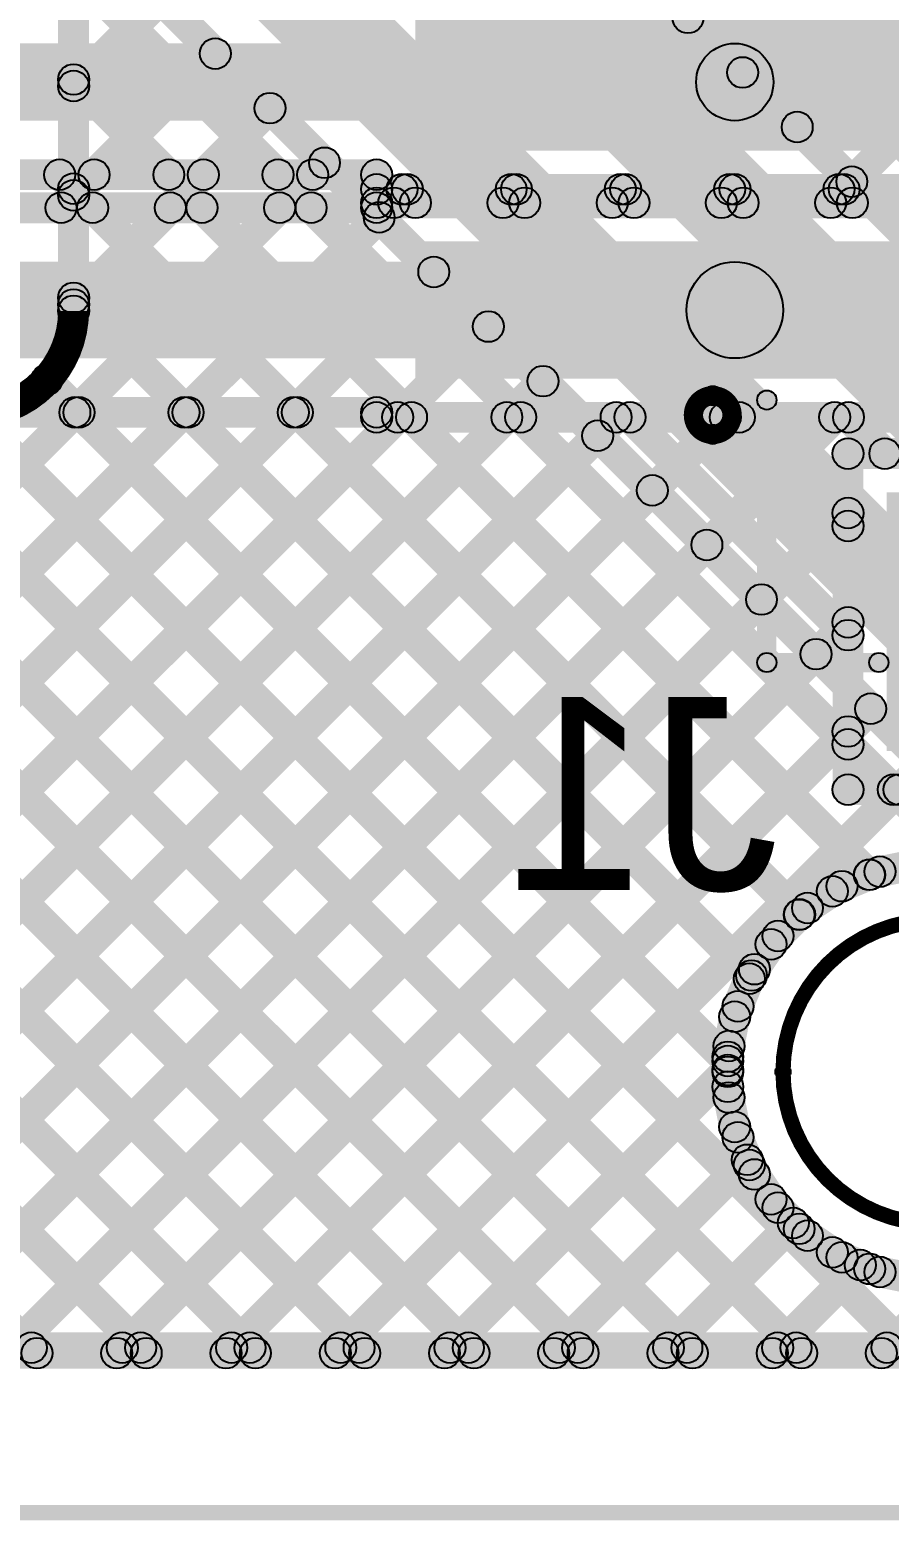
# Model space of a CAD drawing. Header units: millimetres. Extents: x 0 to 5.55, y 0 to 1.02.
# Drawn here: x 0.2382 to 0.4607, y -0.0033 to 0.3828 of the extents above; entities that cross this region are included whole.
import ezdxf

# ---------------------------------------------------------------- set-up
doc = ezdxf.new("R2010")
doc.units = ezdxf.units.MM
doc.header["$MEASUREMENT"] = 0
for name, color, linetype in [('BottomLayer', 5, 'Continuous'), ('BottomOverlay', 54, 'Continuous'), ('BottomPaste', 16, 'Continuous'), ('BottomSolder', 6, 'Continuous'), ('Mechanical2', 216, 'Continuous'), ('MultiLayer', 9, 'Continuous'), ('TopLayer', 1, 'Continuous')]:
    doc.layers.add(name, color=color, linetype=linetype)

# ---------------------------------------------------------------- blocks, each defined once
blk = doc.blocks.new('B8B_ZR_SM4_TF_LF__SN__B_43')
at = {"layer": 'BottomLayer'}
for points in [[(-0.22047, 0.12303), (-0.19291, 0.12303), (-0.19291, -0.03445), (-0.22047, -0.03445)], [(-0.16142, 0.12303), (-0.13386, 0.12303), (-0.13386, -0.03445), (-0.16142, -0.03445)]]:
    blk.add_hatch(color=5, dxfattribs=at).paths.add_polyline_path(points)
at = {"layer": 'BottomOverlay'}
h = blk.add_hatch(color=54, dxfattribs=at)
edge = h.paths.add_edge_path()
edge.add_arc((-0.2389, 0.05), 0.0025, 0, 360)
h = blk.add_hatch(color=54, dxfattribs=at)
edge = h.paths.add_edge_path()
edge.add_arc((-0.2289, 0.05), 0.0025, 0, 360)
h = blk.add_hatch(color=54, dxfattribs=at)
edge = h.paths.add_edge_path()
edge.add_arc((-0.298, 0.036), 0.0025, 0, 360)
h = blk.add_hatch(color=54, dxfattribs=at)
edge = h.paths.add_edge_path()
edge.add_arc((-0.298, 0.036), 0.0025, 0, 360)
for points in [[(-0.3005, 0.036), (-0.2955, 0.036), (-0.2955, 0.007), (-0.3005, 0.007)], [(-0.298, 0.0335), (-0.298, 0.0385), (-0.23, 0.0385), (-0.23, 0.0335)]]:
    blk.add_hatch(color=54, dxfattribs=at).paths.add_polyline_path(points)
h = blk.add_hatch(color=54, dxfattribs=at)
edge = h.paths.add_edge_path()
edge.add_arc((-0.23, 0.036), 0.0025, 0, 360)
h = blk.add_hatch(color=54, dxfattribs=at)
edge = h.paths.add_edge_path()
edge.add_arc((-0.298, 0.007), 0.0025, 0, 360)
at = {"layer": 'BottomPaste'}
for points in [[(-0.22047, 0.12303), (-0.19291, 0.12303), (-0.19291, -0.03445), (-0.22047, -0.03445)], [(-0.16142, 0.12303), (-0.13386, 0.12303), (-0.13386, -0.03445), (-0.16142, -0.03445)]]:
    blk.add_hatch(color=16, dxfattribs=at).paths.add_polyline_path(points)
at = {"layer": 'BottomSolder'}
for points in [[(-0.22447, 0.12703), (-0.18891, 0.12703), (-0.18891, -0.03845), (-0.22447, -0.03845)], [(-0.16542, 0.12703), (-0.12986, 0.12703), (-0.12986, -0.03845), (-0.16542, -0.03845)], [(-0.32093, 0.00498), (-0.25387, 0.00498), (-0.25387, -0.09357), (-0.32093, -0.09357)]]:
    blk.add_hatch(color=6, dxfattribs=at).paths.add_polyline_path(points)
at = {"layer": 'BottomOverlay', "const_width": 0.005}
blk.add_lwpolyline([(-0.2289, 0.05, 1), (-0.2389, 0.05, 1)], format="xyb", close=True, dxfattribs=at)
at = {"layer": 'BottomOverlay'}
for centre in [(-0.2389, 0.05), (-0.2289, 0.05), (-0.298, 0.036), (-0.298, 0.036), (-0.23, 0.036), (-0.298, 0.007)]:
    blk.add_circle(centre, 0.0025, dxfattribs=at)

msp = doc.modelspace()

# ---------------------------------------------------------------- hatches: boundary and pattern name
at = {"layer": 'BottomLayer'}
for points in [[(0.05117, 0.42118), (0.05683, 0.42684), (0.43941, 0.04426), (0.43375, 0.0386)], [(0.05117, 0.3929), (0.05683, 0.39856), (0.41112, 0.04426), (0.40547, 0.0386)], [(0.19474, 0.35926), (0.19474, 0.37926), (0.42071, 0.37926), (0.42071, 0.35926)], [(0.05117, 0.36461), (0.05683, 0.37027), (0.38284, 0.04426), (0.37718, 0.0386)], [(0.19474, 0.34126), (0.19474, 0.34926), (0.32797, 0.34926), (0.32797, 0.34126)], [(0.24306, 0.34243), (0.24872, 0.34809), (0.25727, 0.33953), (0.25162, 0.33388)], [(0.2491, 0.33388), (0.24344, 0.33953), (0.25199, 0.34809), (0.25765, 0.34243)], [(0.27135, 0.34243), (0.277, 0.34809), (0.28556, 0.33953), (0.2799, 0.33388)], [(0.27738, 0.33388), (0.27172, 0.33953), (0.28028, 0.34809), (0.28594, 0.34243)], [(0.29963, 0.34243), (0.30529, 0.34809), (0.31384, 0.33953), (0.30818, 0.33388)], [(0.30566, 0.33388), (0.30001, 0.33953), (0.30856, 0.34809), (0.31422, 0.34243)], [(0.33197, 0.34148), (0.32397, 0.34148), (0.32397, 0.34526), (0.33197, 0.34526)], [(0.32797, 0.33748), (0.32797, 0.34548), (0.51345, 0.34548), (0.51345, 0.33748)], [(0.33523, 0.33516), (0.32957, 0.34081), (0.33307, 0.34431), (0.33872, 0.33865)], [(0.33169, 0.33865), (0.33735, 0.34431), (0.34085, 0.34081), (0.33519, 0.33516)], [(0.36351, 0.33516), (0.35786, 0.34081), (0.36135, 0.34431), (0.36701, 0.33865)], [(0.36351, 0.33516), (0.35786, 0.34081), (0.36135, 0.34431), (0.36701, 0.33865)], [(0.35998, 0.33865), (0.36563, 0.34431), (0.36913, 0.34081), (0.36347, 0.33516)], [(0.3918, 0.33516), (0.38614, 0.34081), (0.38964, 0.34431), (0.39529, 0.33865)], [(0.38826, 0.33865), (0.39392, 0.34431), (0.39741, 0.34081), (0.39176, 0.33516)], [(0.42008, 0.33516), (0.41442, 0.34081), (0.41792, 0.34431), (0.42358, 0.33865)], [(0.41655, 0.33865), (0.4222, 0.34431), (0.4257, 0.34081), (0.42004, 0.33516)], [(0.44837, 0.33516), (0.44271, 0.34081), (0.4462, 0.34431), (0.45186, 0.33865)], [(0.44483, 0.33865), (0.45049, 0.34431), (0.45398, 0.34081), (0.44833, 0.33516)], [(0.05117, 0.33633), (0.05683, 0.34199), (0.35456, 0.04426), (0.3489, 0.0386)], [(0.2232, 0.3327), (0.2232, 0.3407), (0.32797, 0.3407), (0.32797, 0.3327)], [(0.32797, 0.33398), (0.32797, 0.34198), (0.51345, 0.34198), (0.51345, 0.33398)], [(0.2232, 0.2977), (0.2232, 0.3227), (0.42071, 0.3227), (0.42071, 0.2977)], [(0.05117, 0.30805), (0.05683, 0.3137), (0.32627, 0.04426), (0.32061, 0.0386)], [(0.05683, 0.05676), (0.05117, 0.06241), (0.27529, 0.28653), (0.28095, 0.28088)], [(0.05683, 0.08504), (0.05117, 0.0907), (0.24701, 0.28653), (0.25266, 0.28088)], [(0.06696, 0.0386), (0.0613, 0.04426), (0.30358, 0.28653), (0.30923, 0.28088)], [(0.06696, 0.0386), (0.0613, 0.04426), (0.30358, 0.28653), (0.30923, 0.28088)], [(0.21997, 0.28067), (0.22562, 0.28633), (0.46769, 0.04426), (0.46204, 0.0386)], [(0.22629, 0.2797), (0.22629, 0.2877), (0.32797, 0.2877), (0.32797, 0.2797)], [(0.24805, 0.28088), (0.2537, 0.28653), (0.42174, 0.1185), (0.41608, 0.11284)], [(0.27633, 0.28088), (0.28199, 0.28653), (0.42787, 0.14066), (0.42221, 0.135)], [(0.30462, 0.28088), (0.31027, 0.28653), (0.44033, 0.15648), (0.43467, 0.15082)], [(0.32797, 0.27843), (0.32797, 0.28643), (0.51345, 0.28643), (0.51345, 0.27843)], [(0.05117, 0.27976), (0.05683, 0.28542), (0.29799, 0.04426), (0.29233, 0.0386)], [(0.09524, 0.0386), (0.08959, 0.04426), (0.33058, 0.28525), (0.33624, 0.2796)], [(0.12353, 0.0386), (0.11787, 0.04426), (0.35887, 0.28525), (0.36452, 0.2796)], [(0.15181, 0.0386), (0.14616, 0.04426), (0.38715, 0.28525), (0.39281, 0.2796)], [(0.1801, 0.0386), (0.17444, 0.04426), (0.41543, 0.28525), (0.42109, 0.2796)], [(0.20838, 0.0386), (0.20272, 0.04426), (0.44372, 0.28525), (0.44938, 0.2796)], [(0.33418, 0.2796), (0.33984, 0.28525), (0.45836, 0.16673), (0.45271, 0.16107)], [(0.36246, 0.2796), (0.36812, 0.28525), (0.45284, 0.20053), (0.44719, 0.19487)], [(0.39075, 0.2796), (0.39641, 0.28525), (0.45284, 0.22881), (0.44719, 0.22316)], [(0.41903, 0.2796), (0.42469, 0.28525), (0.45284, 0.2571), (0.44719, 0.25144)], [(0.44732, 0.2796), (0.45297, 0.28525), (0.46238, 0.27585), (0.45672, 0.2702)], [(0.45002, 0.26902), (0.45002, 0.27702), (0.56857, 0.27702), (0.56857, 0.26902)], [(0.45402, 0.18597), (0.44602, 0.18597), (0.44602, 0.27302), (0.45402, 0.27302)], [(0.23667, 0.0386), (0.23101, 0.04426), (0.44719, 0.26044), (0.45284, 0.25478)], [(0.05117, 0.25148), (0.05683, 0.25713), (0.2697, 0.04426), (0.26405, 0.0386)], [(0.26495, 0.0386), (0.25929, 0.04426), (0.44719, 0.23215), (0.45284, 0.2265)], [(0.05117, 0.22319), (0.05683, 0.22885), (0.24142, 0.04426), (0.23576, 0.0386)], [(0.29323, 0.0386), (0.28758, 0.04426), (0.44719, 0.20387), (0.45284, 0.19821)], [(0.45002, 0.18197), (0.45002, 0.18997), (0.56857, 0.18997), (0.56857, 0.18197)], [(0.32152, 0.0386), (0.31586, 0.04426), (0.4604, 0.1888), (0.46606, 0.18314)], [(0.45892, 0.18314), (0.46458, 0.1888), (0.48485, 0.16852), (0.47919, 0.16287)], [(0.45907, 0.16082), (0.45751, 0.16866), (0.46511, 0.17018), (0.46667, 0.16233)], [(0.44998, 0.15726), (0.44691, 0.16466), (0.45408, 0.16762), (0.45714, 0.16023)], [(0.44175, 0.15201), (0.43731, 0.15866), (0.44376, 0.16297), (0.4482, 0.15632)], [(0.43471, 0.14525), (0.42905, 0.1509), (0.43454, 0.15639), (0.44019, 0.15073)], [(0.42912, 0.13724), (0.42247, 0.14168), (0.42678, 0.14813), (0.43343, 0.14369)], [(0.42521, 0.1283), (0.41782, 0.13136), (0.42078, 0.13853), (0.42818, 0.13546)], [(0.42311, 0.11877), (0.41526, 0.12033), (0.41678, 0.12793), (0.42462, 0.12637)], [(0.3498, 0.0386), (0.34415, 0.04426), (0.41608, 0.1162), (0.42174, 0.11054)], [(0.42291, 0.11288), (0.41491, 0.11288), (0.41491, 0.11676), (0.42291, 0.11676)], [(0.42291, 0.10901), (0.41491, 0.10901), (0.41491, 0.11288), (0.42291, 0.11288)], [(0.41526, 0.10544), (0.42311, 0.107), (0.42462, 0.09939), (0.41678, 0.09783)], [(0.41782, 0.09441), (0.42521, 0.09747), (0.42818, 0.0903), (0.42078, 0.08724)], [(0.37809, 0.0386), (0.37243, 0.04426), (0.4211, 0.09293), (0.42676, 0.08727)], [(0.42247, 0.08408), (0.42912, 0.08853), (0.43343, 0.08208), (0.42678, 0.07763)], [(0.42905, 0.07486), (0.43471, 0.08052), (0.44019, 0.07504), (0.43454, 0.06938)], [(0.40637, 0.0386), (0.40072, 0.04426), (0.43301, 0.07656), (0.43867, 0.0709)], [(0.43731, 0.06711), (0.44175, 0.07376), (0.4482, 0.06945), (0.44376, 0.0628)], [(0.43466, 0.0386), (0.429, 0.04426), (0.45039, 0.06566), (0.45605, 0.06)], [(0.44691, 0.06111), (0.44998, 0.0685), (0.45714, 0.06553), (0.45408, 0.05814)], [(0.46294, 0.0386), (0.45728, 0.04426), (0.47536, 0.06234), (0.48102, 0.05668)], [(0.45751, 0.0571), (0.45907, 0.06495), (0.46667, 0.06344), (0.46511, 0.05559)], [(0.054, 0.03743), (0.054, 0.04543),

◆ ◆ ◆ ◆ ◆

● **Task item**:
Within the entries above, find the string "BottomSolder" and return each line that holds it.

● **Result for this task**:
for name, color, linetype in [('BottomLayer', 5, 'Continuous'), ('BottomOverlay', 54, 'Continuous'), ('BottomPaste', 16, 'Continuous'), ('BottomSolder', 6, 'Continuous'), ('Mechanical2', 216, 'Continuous'), ('MultiLayer', 9, 'Continuous'), ('TopLayer', 1, 'Continuous')]:
at = {"layer": 'BottomSolder'}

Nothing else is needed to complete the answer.